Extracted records

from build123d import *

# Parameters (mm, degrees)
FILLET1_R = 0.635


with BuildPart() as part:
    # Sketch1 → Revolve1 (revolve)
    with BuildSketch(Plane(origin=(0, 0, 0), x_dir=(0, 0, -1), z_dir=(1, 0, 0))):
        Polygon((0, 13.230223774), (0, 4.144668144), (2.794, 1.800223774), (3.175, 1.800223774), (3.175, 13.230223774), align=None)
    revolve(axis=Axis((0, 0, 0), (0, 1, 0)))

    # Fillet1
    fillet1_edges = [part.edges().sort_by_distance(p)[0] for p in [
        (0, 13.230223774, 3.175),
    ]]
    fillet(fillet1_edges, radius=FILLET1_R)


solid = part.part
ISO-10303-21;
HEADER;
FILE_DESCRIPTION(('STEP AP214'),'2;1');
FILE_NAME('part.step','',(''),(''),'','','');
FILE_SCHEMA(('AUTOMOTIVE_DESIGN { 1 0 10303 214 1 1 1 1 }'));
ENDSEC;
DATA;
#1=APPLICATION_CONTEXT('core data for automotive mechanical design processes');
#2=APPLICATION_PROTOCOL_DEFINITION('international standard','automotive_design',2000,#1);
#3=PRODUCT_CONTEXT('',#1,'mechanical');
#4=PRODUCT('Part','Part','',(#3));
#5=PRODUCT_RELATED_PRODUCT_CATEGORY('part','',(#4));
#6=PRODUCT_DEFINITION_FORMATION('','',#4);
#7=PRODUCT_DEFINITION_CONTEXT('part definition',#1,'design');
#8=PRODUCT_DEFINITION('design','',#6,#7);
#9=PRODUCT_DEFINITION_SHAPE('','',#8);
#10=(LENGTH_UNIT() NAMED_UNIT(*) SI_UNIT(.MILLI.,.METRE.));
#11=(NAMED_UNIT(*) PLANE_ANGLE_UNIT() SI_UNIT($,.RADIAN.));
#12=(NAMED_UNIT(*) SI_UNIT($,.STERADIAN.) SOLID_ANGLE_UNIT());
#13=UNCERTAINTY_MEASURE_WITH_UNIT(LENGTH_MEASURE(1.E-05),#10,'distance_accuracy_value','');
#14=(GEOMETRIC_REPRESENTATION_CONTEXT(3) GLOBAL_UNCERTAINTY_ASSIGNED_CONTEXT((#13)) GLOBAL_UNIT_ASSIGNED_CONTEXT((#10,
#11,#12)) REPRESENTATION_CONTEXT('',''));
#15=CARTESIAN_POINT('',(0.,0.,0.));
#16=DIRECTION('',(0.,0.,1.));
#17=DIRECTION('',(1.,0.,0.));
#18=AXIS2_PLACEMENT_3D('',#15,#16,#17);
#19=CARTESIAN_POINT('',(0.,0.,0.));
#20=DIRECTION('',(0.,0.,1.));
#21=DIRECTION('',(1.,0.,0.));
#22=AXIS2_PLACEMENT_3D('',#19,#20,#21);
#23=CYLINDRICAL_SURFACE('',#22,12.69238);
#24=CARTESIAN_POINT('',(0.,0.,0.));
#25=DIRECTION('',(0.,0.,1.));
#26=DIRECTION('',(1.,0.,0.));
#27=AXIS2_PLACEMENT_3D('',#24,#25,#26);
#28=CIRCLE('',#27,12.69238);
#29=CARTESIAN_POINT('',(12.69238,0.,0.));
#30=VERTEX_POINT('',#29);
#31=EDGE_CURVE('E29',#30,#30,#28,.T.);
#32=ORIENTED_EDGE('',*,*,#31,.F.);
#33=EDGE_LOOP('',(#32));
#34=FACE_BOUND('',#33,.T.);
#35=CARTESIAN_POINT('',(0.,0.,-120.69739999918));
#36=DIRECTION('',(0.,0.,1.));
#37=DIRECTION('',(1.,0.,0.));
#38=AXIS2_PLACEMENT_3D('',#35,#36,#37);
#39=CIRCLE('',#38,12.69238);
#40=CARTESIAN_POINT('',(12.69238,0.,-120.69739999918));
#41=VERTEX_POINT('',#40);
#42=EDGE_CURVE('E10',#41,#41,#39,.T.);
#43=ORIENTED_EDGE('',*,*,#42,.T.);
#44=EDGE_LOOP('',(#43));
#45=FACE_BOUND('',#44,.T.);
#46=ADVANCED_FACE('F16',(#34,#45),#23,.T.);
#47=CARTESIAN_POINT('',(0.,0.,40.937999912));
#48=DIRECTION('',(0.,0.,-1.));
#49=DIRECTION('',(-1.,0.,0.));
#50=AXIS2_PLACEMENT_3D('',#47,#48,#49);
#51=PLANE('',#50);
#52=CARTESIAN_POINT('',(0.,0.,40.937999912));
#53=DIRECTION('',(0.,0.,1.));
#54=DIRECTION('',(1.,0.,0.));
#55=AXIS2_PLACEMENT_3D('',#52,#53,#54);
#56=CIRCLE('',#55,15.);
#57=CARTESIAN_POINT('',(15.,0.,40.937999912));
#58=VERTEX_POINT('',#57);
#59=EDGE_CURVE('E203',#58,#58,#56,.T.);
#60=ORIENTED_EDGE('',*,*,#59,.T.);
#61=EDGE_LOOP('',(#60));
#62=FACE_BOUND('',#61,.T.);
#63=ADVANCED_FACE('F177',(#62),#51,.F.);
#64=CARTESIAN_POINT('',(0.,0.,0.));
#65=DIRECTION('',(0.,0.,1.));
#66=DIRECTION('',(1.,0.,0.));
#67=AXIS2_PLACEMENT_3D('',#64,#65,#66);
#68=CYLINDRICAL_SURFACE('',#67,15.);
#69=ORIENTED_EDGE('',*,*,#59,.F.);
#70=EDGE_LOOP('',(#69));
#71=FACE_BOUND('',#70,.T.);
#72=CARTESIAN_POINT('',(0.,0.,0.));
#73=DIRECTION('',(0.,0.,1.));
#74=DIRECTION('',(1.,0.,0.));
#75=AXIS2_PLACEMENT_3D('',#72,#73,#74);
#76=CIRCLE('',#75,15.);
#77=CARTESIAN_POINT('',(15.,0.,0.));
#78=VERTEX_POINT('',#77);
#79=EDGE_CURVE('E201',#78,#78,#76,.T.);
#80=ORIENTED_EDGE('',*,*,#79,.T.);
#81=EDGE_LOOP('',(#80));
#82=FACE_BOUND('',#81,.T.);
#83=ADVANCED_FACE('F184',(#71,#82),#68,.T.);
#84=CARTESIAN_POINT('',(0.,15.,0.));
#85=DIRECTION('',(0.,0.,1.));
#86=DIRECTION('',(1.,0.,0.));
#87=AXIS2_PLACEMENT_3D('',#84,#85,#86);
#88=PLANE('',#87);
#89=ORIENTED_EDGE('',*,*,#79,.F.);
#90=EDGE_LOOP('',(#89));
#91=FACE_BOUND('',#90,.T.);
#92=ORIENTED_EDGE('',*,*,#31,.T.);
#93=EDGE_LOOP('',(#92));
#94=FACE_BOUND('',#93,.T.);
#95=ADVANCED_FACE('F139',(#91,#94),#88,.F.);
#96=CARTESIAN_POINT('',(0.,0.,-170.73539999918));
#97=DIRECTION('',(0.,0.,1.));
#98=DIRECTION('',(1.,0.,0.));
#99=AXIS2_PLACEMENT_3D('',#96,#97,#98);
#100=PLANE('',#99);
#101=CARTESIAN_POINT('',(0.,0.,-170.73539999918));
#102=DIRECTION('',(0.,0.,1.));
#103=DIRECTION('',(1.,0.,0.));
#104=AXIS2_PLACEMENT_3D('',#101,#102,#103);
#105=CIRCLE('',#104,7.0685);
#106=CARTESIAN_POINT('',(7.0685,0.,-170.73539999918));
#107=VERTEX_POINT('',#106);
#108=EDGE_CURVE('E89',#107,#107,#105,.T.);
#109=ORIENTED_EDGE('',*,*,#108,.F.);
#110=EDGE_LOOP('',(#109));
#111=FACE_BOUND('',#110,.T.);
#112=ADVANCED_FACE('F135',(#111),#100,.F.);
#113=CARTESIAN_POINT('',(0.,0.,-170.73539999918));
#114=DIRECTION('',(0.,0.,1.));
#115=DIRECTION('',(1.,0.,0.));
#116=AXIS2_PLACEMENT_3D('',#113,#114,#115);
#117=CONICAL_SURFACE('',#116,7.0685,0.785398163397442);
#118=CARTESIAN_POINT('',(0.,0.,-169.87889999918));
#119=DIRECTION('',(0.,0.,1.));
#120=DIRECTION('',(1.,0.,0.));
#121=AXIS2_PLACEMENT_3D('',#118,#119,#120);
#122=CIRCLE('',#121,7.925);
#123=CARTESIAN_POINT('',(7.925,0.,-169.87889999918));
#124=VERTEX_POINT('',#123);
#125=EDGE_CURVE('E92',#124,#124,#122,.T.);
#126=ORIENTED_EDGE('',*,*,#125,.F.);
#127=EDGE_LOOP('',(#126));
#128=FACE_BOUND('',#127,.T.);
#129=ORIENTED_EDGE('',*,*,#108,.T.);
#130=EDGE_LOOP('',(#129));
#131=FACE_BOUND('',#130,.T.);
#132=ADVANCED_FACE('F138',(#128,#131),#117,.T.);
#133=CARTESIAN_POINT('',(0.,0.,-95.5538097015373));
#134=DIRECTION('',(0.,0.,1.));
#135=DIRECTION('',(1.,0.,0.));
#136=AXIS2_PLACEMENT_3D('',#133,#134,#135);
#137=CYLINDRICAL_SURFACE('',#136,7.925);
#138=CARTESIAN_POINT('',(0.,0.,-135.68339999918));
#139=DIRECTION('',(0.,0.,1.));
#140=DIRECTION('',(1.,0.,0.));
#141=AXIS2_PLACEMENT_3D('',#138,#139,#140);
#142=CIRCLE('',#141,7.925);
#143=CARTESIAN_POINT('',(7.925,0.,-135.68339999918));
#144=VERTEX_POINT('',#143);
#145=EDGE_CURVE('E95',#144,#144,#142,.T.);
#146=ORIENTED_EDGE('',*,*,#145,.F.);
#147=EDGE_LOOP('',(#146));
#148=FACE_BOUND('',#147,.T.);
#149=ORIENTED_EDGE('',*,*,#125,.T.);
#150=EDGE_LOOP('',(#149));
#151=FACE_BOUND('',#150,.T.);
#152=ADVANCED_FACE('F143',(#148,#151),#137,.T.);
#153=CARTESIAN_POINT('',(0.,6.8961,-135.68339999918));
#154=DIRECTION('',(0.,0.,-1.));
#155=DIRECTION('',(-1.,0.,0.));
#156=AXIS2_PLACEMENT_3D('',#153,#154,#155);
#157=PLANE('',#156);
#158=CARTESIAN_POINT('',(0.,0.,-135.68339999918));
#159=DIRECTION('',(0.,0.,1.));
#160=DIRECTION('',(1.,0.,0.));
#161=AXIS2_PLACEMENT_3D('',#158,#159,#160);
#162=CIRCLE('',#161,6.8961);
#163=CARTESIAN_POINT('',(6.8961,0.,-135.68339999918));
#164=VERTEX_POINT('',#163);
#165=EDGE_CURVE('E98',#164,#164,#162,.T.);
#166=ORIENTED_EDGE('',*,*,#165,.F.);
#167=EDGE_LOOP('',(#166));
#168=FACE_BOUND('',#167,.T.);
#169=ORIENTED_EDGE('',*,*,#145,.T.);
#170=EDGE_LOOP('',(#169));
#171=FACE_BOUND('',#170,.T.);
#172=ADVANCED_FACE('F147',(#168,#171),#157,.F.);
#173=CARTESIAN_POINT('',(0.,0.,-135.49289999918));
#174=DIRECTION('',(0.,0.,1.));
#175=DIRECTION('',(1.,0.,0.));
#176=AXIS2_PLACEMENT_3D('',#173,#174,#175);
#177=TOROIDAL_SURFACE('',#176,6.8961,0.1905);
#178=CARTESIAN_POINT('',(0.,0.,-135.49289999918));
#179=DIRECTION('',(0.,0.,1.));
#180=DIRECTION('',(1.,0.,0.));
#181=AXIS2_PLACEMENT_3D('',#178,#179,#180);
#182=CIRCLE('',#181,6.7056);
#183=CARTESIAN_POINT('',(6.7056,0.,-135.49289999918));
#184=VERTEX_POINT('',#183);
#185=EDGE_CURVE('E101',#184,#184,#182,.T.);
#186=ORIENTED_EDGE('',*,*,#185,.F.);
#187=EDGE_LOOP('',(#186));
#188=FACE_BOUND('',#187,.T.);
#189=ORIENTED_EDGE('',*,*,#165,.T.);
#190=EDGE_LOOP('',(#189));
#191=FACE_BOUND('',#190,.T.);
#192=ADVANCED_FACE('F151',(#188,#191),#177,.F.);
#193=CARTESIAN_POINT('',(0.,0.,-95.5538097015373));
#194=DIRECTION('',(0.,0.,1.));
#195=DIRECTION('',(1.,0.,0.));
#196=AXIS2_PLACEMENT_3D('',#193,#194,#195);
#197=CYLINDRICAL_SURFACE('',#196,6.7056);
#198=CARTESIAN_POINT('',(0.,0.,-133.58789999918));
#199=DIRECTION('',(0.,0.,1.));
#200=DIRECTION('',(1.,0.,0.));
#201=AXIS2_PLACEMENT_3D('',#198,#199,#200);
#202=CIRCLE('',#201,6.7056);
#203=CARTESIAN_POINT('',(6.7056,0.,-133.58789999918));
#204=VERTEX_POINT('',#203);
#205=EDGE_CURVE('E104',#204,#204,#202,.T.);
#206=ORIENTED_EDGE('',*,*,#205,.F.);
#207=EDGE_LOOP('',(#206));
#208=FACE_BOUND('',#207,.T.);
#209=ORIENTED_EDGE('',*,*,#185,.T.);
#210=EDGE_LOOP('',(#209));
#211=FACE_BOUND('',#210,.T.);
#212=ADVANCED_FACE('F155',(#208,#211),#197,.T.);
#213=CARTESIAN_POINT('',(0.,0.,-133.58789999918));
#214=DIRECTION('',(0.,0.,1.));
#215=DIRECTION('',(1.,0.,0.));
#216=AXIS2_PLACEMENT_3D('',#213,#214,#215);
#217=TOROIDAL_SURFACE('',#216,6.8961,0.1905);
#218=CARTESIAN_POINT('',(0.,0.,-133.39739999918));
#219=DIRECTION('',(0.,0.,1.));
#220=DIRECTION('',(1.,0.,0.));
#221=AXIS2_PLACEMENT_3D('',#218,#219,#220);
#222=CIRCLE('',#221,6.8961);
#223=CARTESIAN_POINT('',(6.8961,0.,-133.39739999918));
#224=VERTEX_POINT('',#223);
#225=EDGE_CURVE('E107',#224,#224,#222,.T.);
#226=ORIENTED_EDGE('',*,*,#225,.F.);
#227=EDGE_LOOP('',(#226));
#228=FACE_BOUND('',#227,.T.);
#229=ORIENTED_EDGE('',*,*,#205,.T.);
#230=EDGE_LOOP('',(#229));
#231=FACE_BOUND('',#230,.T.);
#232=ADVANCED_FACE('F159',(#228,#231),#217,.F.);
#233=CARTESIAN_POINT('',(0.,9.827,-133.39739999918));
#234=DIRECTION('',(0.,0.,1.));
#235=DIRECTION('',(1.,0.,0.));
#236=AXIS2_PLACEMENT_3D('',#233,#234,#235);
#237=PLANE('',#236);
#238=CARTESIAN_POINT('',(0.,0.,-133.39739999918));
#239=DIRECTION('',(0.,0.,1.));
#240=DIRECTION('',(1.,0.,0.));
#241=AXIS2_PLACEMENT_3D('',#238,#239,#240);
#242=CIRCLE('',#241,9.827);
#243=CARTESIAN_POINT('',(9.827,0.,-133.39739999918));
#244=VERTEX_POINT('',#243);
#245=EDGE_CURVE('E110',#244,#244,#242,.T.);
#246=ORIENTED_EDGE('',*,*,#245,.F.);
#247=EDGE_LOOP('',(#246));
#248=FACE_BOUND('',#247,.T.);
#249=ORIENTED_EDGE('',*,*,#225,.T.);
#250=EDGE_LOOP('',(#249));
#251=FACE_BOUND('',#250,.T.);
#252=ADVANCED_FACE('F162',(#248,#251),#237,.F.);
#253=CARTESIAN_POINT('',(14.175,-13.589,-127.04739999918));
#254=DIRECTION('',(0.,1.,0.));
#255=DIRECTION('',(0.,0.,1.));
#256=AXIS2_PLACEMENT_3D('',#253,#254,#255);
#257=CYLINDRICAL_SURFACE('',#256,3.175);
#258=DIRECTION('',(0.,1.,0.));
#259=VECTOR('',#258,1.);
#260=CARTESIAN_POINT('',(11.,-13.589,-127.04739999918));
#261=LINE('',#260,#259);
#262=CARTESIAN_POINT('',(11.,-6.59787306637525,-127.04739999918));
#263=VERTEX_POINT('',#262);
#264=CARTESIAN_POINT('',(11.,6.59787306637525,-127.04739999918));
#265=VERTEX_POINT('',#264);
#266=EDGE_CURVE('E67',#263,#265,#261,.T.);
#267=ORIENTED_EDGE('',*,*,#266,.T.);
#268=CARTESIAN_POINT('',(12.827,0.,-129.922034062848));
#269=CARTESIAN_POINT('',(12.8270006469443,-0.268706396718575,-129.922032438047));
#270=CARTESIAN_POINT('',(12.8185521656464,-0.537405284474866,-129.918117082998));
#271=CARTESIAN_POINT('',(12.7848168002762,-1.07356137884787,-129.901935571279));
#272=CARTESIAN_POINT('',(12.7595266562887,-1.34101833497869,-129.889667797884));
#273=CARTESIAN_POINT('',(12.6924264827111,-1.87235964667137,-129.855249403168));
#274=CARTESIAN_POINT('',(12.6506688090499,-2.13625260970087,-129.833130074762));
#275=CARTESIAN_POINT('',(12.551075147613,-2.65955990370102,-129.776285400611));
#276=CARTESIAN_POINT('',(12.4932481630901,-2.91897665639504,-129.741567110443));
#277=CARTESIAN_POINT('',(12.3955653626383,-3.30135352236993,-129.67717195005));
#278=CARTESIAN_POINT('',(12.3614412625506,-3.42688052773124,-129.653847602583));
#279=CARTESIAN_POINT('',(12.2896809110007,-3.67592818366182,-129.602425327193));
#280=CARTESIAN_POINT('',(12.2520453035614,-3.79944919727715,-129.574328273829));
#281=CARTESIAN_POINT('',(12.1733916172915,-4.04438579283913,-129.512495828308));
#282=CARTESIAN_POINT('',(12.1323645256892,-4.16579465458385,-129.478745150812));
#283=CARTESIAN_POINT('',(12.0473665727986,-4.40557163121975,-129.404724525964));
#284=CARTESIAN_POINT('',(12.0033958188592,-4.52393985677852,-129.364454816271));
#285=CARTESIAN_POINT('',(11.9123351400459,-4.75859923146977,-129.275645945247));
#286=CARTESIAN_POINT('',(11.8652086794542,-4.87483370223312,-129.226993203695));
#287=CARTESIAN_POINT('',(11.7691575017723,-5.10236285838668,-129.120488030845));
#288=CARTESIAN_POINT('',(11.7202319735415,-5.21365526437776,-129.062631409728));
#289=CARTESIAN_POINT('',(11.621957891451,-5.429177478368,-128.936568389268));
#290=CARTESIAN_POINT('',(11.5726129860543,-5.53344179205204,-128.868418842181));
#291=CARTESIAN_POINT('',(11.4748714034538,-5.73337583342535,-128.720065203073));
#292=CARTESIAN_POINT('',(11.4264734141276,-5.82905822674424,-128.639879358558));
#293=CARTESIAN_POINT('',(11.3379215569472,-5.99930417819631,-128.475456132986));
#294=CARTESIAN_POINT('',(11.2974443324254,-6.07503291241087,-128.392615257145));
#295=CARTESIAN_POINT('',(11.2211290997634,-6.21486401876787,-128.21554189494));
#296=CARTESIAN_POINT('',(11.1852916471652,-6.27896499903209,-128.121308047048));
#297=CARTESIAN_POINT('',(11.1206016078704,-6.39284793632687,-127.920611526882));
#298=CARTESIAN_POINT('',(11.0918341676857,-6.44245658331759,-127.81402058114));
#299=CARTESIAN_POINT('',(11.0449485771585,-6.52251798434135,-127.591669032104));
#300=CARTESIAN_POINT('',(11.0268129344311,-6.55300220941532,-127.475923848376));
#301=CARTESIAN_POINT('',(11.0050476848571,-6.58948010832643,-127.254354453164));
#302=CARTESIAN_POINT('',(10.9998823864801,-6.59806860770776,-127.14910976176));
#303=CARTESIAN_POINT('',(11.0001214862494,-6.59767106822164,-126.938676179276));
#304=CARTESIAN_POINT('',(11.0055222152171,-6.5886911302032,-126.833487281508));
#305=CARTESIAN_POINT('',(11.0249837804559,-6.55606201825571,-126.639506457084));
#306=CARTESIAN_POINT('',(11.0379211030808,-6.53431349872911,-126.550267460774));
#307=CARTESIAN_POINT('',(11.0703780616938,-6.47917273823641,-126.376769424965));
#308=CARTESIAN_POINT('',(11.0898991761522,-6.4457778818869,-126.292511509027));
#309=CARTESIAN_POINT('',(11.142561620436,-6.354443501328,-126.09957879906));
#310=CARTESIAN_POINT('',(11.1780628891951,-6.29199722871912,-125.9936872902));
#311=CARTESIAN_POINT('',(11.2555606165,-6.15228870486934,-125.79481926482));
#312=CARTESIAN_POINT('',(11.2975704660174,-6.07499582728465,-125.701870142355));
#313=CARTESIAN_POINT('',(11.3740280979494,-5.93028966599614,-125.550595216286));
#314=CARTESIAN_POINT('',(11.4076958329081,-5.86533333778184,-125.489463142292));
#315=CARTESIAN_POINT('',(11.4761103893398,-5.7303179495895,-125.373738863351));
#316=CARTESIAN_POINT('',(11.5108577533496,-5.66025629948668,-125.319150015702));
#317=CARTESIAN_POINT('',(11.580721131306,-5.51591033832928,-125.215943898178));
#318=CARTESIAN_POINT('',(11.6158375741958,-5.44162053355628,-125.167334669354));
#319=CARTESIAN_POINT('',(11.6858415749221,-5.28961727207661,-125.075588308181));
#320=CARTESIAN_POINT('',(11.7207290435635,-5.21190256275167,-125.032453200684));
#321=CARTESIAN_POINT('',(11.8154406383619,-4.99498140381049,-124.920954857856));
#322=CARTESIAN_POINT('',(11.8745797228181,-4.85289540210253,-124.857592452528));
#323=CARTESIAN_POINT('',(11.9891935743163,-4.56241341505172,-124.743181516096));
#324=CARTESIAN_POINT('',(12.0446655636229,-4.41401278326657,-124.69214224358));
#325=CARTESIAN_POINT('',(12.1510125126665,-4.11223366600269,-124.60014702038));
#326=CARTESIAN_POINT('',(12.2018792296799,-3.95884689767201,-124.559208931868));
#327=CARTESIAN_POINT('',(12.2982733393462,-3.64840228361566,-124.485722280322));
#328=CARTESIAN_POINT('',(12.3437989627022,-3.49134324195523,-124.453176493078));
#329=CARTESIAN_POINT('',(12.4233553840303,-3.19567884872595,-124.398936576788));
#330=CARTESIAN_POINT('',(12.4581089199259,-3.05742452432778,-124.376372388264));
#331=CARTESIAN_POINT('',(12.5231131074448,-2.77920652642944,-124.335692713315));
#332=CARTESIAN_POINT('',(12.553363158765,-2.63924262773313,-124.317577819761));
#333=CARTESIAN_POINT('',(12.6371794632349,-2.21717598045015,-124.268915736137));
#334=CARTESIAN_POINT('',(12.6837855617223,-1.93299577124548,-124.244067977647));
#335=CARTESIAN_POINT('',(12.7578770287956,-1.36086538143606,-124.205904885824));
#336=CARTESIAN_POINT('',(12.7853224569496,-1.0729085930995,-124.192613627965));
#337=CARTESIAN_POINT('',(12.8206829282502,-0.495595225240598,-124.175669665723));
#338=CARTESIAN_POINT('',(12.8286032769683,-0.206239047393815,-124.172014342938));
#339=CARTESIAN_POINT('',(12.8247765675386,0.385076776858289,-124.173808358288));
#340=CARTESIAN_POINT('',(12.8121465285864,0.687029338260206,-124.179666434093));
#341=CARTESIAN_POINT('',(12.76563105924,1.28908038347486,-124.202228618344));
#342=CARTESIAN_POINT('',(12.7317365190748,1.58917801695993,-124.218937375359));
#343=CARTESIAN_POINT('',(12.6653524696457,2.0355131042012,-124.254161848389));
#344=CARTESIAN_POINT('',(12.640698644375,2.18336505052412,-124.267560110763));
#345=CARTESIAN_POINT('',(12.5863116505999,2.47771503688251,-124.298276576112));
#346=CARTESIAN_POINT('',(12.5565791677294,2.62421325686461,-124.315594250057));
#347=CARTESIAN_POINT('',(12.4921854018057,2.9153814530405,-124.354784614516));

**ACTIVITY**
Of the entries listed above, reproduce only the lines starting at the line containing "#138=CARTESIAN_POINT('',(0.,0.,-135.68339999918));" and ending at the line containing "#164=VERTEX_POINT('',#163);". Include both, exactly as they stand.

**EXERCISE ANSWER**
#138=CARTESIAN_POINT('',(0.,0.,-135.68339999918));
#139=DIRECTION('',(0.,0.,1.));
#140=DIRECTION('',(1.,0.,0.));
#141=AXIS2_PLACEMENT_3D('',#138,#139,#140);
#142=CIRCLE('',#141,7.925);
#143=CARTESIAN_POINT('',(7.925,0.,-135.68339999918));
#144=VERTEX_POINT('',#143);
#145=EDGE_CURVE('E95',#144,#144,#142,.T.);
#146=ORIENTED_EDGE('',*,*,#145,.F.);
#147=EDGE_LOOP('',(#146));
#148=FACE_BOUND('',#147,.T.);
#149=ORIENTED_EDGE('',*,*,#125,.T.);
#150=EDGE_LOOP('',(#149));
#151=FACE_BOUND('',#150,.T.);
#152=ADVANCED_FACE('F143',(#148,#151),#137,.T.);
#153=CARTESIAN_POINT('',(0.,6.8961,-135.68339999918));
#154=DIRECTION('',(0.,0.,-1.));
#155=DIRECTION('',(-1.,0.,0.));
#156=AXIS2_PLACEMENT_3D('',#153,#154,#155);
#157=PLANE('',#156);
#158=CARTESIAN_POINT('',(0.,0.,-135.68339999918));
#159=DIRECTION('',(0.,0.,1.));
#160=DIRECTION('',(1.,0.,0.));
#161=AXIS2_PLACEMENT_3D('',#158,#159,#160);
#162=CIRCLE('',#161,6.8961);
#163=CARTESIAN_POINT('',(6.8961,0.,-135.68339999918));
#164=VERTEX_POINT('',#163);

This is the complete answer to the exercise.